* [Problem details] From the records below, print exactly the lines starting at the one containing "#1=APPLICATION_CONTEXT('core data for" and ending at the one containing "#54=DIRECTION('',(0.,0.,1.));", ends included, and nothing else.
+++
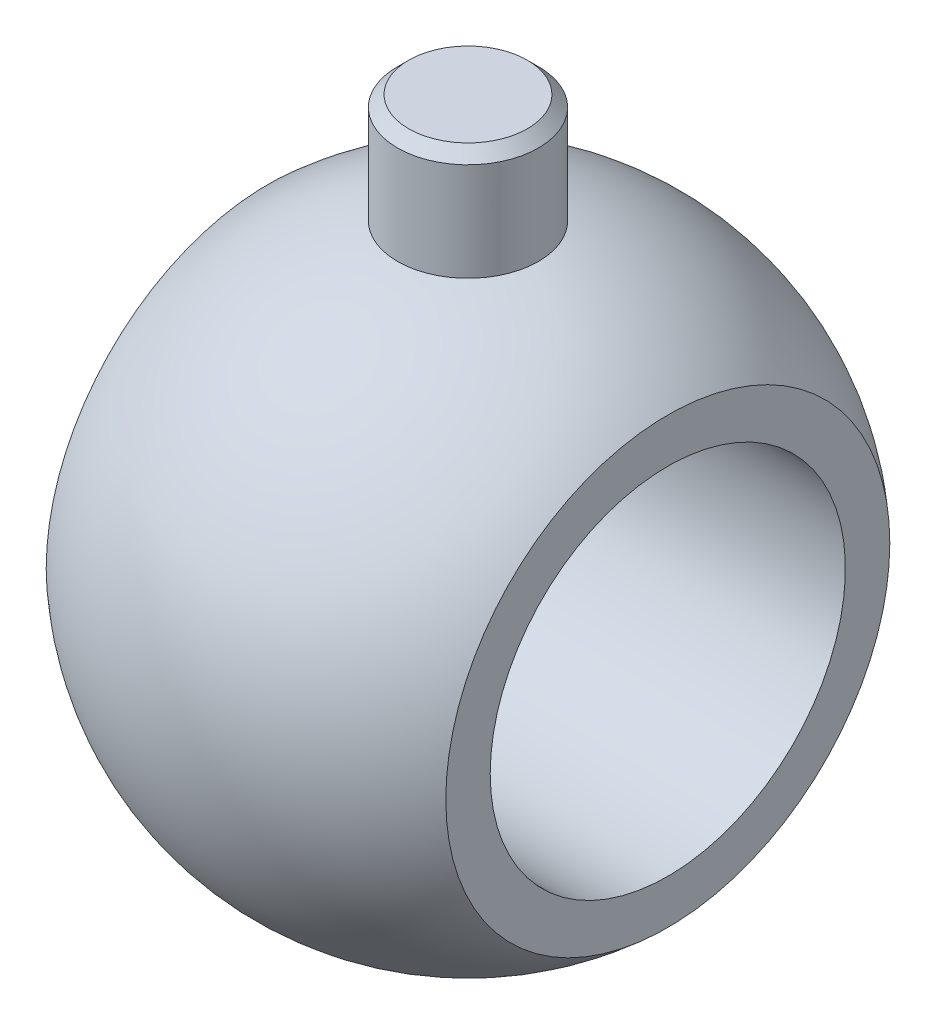
ISO-10303-21;
HEADER;
FILE_DESCRIPTION(('STEP AP214'),'2;1');
FILE_NAME('part.step','',(''),(''),'','','');
FILE_SCHEMA(('AUTOMOTIVE_DESIGN { 1 0 10303 214 1 1 1 1 }'));
ENDSEC;
DATA;
#1=APPLICATION_CONTEXT('core data for automotive mechanical design processes');
#2=APPLICATION_PROTOCOL_DEFINITION('international standard','automotive_design',2000,#1);
#3=PRODUCT_CONTEXT('',#1,'mechanical');
#4=PRODUCT('Part','Part','',(#3));
#5=PRODUCT_RELATED_PRODUCT_CATEGORY('part','',(#4));
#6=PRODUCT_DEFINITION_FORMATION('','',#4);
#7=PRODUCT_DEFINITION_CONTEXT('part definition',#1,'design');
#8=PRODUCT_DEFINITION('design','',#6,#7);
#9=PRODUCT_DEFINITION_SHAPE('','',#8);
#10=(LENGTH_UNIT() NAMED_UNIT(*) SI_UNIT(.MILLI.,.METRE.));
#11=(NAMED_UNIT(*) PLANE_ANGLE_UNIT() SI_UNIT($,.RADIAN.));
#12=(NAMED_UNIT(*) SI_UNIT($,.STERADIAN.) SOLID_ANGLE_UNIT());
#13=UNCERTAINTY_MEASURE_WITH_UNIT(LENGTH_MEASURE(1.E-05),#10,'distance_accuracy_value','');
#14=(GEOMETRIC_REPRESENTATION_CONTEXT(3) GLOBAL_UNCERTAINTY_ASSIGNED_CONTEXT((#13)) GLOBAL_UNIT_ASSIGNED_CONTEXT((#10,
#11,#12)) REPRESENTATION_CONTEXT('',''));
#15=CARTESIAN_POINT('',(0.,0.,0.));
#16=DIRECTION('',(0.,0.,1.));
#17=DIRECTION('',(1.,0.,0.));
#18=AXIS2_PLACEMENT_3D('',#15,#16,#17);
#19=CARTESIAN_POINT('',(0.,0.,0.));
#20=DIRECTION('',(-1.,0.,0.));
#21=DIRECTION('',(0.,0.,1.));
#22=AXIS2_PLACEMENT_3D('',#19,#20,#21);
#23=CYLINDRICAL_SURFACE('',#22,8.);
#24=CARTESIAN_POINT('',(9.,0.,0.));
#25=DIRECTION('',(-1.,0.,0.));
#26=DIRECTION('',(0.,0.,1.));
#27=AXIS2_PLACEMENT_3D('',#24,#25,#26);
#28=CIRCLE('',#27,8.);
#29=CARTESIAN_POINT('',(9.,0.,8.));
#30=VERTEX_POINT('',#29);
#31=EDGE_CURVE('E59',#30,#30,#28,.T.);
#32=ORIENTED_EDGE('',*,*,#31,.F.);
#33=EDGE_LOOP('',(#32));
#34=FACE_BOUND('',#33,.T.);
#35=CARTESIAN_POINT('',(-9.,0.,0.));
#36=DIRECTION('',(-1.,0.,0.));
#37=DIRECTION('',(0.,0.,1.));
#38=AXIS2_PLACEMENT_3D('',#35,#36,#37);
#39=CIRCLE('',#38,8.);
#40=CARTESIAN_POINT('',(-9.,0.,8.));
#41=VERTEX_POINT('',#40);
#42=EDGE_CURVE('E74',#41,#41,#39,.T.);
#43=ORIENTED_EDGE('',*,*,#42,.T.);
#44=EDGE_LOOP('',(#43));
#45=FACE_BOUND('',#44,.T.);
#46=ADVANCED_FACE('F45',(#34,#45),#23,.F.);
#47=CARTESIAN_POINT('',(9.,8.,0.));
#48=DIRECTION('',(-1.,0.,0.));
#49=DIRECTION('',(0.,0.,1.));
#50=AXIS2_PLACEMENT_3D('',#47,#48,#49);
#51=PLANE('',#50);
#52=CARTESIAN_POINT('',(9.,0.,0.));
#53=DIRECTION('',(-1.,0.,0.));
#54=DIRECTION('',(0.,0.,1.));
#55=AXIS2_PLACEMENT_3D('',#52,#53,#54);
#56=CIRCLE('',#55,10.);
#57=CARTESIAN_POINT('',(9.,0.,10.));
#58=VERTEX_POINT('',#57);
#59=EDGE_CURVE('E64',#58,#58,#56,.T.);
#60=ORIENTED_EDGE('',*,*,#59,.F.);
#61=EDGE_LOOP('',(#60));
#62=FACE_BOUND('',#61,.T.);
#63=ORIENTED_EDGE('',*,*,#31,.T.);
#64=EDGE_LOOP('',(#63));
#65=FACE_BOUND('',#64,.T.);
#66=ADVANCED_FACE('F89',(#62,#65),#51,.F.);
#67=CARTESIAN_POINT('',(0.,0.,0.));
#68=DIRECTION('',(-1.,0.,0.));
#69=DIRECTION('',(0.,1.,0.));
#70=AXIS2_PLACEMENT_3D('',#67,#68,#69);
#71=SPHERICAL_SURFACE('',#70,13.4536240470737);
#72=CARTESIAN_POINT('',(0.,13.0736136932372,0.));
#73=DIRECTION('',(0.,-1.,0.));
#74=DIRECTION('',(0.,0.,-1.));
#75=AXIS2_PLACEMENT_3D('',#72,#73,#74);
#76=CIRCLE('',#75,3.175);
#77=CARTESIAN_POINT('',(0.,13.0736136932372,-3.175));
#78=VERTEX_POINT('',#77);
#79=EDGE_CURVE('E78',#78,#78,#76,.F.);
#80=ORIENTED_EDGE('',*,*,#79,.F.);
#81=EDGE_LOOP('',(#80));
#82=FACE_BOUND('',#81,.T.);
#83=CARTESIAN_POINT('',(-9.,0.,0.));
#84=DIRECTION('',(-1.,0.,0.));
#85=DIRECTION('',(0.,0.,1.));
#86=AXIS2_PLACEMENT_3D('',#83,#84,#85);
#87=CIRCLE('',#86,10.);
#88=CARTESIAN_POINT('',(-9.,0.,10.));
#89=VERTEX_POINT('',#88);
#90=EDGE_CURVE('E70',#89,#89,#87,.T.);
#91=ORIENTED_EDGE('',*,*,#90,.F.);
#92=EDGE_LOOP('',(#91));
#93=FACE_BOUND('',#92,.T.);
#94=ORIENTED_EDGE('',*,*,#59,.T.);
#95=EDGE_LOOP('',(#94));
#96=FACE_BOUND('',#95,.T.);
#97=ADVANCED_FACE('F85',(#82,#93,#96),#71,.T.);
#98=CARTESIAN_POINT('',(-9.,10.,0.));
#99=DIRECTION('',(1.,0.,0.));
#100=DIRECTION('',(0.,0.,-1.));
#101=AXIS2_PLACEMENT_3D('',#98,#99,#100);
#102=PLANE('',#101);
#103=ORIENTED_EDGE('',*,*,#42,.F.);
#104=EDGE_LOOP('',(#103));
#105=FACE_BOUND('',#104,.T.);
#106=ORIENTED_EDGE('',*,*,#90,.T.);
#107=EDGE_LOOP('',(#106));
#108=FACE_BOUND('',#107,.T.);
#109=ADVANCED_FACE('F88',(#105,#108),#102,.F.);
#110=CARTESIAN_POINT('',(0.,-13.4546240470737,0.));
#111=DIRECTION('',(0.,1.,0.));
#112=DIRECTION('',(0.,0.,1.));
#113=AXIS2_PLACEMENT_3D('',#110,#111,#112);
#114=CYLINDRICAL_SURFACE('',#113,3.175);
#115=CARTESIAN_POINT('',(0.,17.5,0.));
#116=DIRECTION('',(0.,1.,0.));
#117=DIRECTION('',(0.,0.,1.));
#118=AXIS2_PLACEMENT_3D('',#115,#116,#117);
#119=CIRCLE('',#118,3.175);
#120=CARTESIAN_POINT('',(0.,17.5,3.175));
#121=VERTEX_POINT('',#120);
#122=EDGE_CURVE('E10',#121,#121,#119,.F.);
#123=ORIENTED_EDGE('',*,*,#122,.T.);
#124=EDGE_LOOP('',(#123));
#125=FACE_BOUND('',#124,.T.);
#126=ORIENTED_EDGE('',*,*,#79,.T.);
#127=EDGE_LOOP('',(#126));
#128=FACE_BOUND('',#127,.T.);
#129=ADVANCED_FACE('F83',(#125,#128),#114,.T.);
#130=CARTESIAN_POINT('',(0.,18.,0.));
#131=DIRECTION('',(0.,1.,0.));
#132=DIRECTION('',(0.,0.,1.));
#133=AXIS2_PLACEMENT_3D('',#130,#131,#132);
#134=PLANE('',#133);
#135=CARTESIAN_POINT('',(0.,18.,0.));
#136=DIRECTION('',(0.,1.,0.));
#137=DIRECTION('',(0.,0.,1.));
#138=AXIS2_PLACEMENT_3D('',#135,#136,#137);
#139=CIRCLE('',#138,2.675);
#140=CARTESIAN_POINT('',(0.,18.,2.675));
#141=VERTEX_POINT('',#140);
#142=EDGE_CURVE('E54',#141,#141,#139,.T.);
#143=ORIENTED_EDGE('',*,*,#142,.T.);
#144=EDGE_LOOP('',(#143));
#145=FACE_BOUND('',#144,.T.);
#146=ADVANCED_FACE('F111',(#145),#134,.T.);
#147=CARTESIAN_POINT('',(0.,18.,0.));
#148=DIRECTION('',(0.,-1.,0.));
#149=DIRECTION('',(0.,0.,-1.));
#150=AXIS2_PLACEMENT_3D('',#147,#148,#149);
#151=CONICAL_SURFACE('',#150,2.675,0.785398163397451);
#152=ORIENTED_EDGE('',*,*,#122,.F.);
#153=EDGE_LOOP('',(#152));
#154=FACE_BOUND('',#153,.T.);
#155=ORIENTED_EDGE('',*,*,#142,.F.);
#156=EDGE_LOOP('',(#155));
#157=FACE_BOUND('',#156,.T.);
#158=ADVANCED_FACE('F48',(#154,#157),#151,.T.);
#159=CLOSED_SHELL('',(#46,#66,#97,#109,#129,#146,#158));
#160=MANIFOLD_SOLID_BREP('B2',#159);
#161=ADVANCED_BREP_SHAPE_REPRESENTATION('',(#18,#160),#14);
#162=SHAPE_DEFINITION_REPRESENTATION(#9,#161);
ENDSEC;
END-ISO-10303-21;
+++
* [Result of the exercise]
#1=APPLICATION_CONTEXT('core data for automotive mechanical design processes');
#2=APPLICATION_PROTOCOL_DEFINITION('international standard','automotive_design',2000,#1);
#3=PRODUCT_CONTEXT('',#1,'mechanical');
#4=PRODUCT('Part','Part','',(#3));
#5=PRODUCT_RELATED_PRODUCT_CATEGORY('part','',(#4));
#6=PRODUCT_DEFINITION_FORMATION('','',#4);
#7=PRODUCT_DEFINITION_CONTEXT('part definition',#1,'design');
#8=PRODUCT_DEFINITION('design','',#6,#7);
#9=PRODUCT_DEFINITION_SHAPE('','',#8);
#10=(LENGTH_UNIT() NAMED_UNIT(*) SI_UNIT(.MILLI.,.METRE.));
#11=(NAMED_UNIT(*) PLANE_ANGLE_UNIT() SI_UNIT($,.RADIAN.));
#12=(NAMED_UNIT(*) SI_UNIT($,.STERADIAN.) SOLID_ANGLE_UNIT());
#13=UNCERTAINTY_MEASURE_WITH_UNIT(LENGTH_MEASURE(1.E-05),#10,'distance_accuracy_value','');
#14=(GEOMETRIC_REPRESENTATION_CONTEXT(3) GLOBAL_UNCERTAINTY_ASSIGNED_CONTEXT((#13)) GLOBAL_UNIT_ASSIGNED_CONTEXT((#10,
#11,#12)) REPRESENTATION_CONTEXT('',''));
#15=CARTESIAN_POINT('',(0.,0.,0.));
#16=DIRECTION('',(0.,0.,1.));
#17=DIRECTION('',(1.,0.,0.));
#18=AXIS2_PLACEMENT_3D('',#15,#16,#17);
#19=CARTESIAN_POINT('',(0.,0.,0.));
#20=DIRECTION('',(-1.,0.,0.));
#21=DIRECTION('',(0.,0.,1.));
#22=AXIS2_PLACEMENT_3D('',#19,#20,#21);
#23=CYLINDRICAL_SURFACE('',#22,8.);
#24=CARTESIAN_POINT('',(9.,0.,0.));
#25=DIRECTION('',(-1.,0.,0.));
#26=DIRECTION('',(0.,0.,1.));
#27=AXIS2_PLACEMENT_3D('',#24,#25,#26);
#28=CIRCLE('',#27,8.);
#29=CARTESIAN_POINT('',(9.,0.,8.));
#30=VERTEX_POINT('',#29);
#31=EDGE_CURVE('E59',#30,#30,#28,.T.);
#32=ORIENTED_EDGE('',*,*,#31,.F.);
#33=EDGE_LOOP('',(#32));
#34=FACE_BOUND('',#33,.T.);
#35=CARTESIAN_POINT('',(-9.,0.,0.));
#36=DIRECTION('',(-1.,0.,0.));
#37=DIRECTION('',(0.,0.,1.));
#38=AXIS2_PLACEMENT_3D('',#35,#36,#37);
#39=CIRCLE('',#38,8.);
#40=CARTESIAN_POINT('',(-9.,0.,8.));
#41=VERTEX_POINT('',#40);
#42=EDGE_CURVE('E74',#41,#41,#39,.T.);
#43=ORIENTED_EDGE('',*,*,#42,.T.);
#44=EDGE_LOOP('',(#43));
#45=FACE_BOUND('',#44,.T.);
#46=ADVANCED_FACE('F45',(#34,#45),#23,.F.);
#47=CARTESIAN_POINT('',(9.,8.,0.));
#48=DIRECTION('',(-1.,0.,0.));
#49=DIRECTION('',(0.,0.,1.));
#50=AXIS2_PLACEMENT_3D('',#47,#48,#49);
#51=PLANE('',#50);
#52=CARTESIAN_POINT('',(9.,0.,0.));
#53=DIRECTION('',(-1.,0.,0.));
#54=DIRECTION('',(0.,0.,1.));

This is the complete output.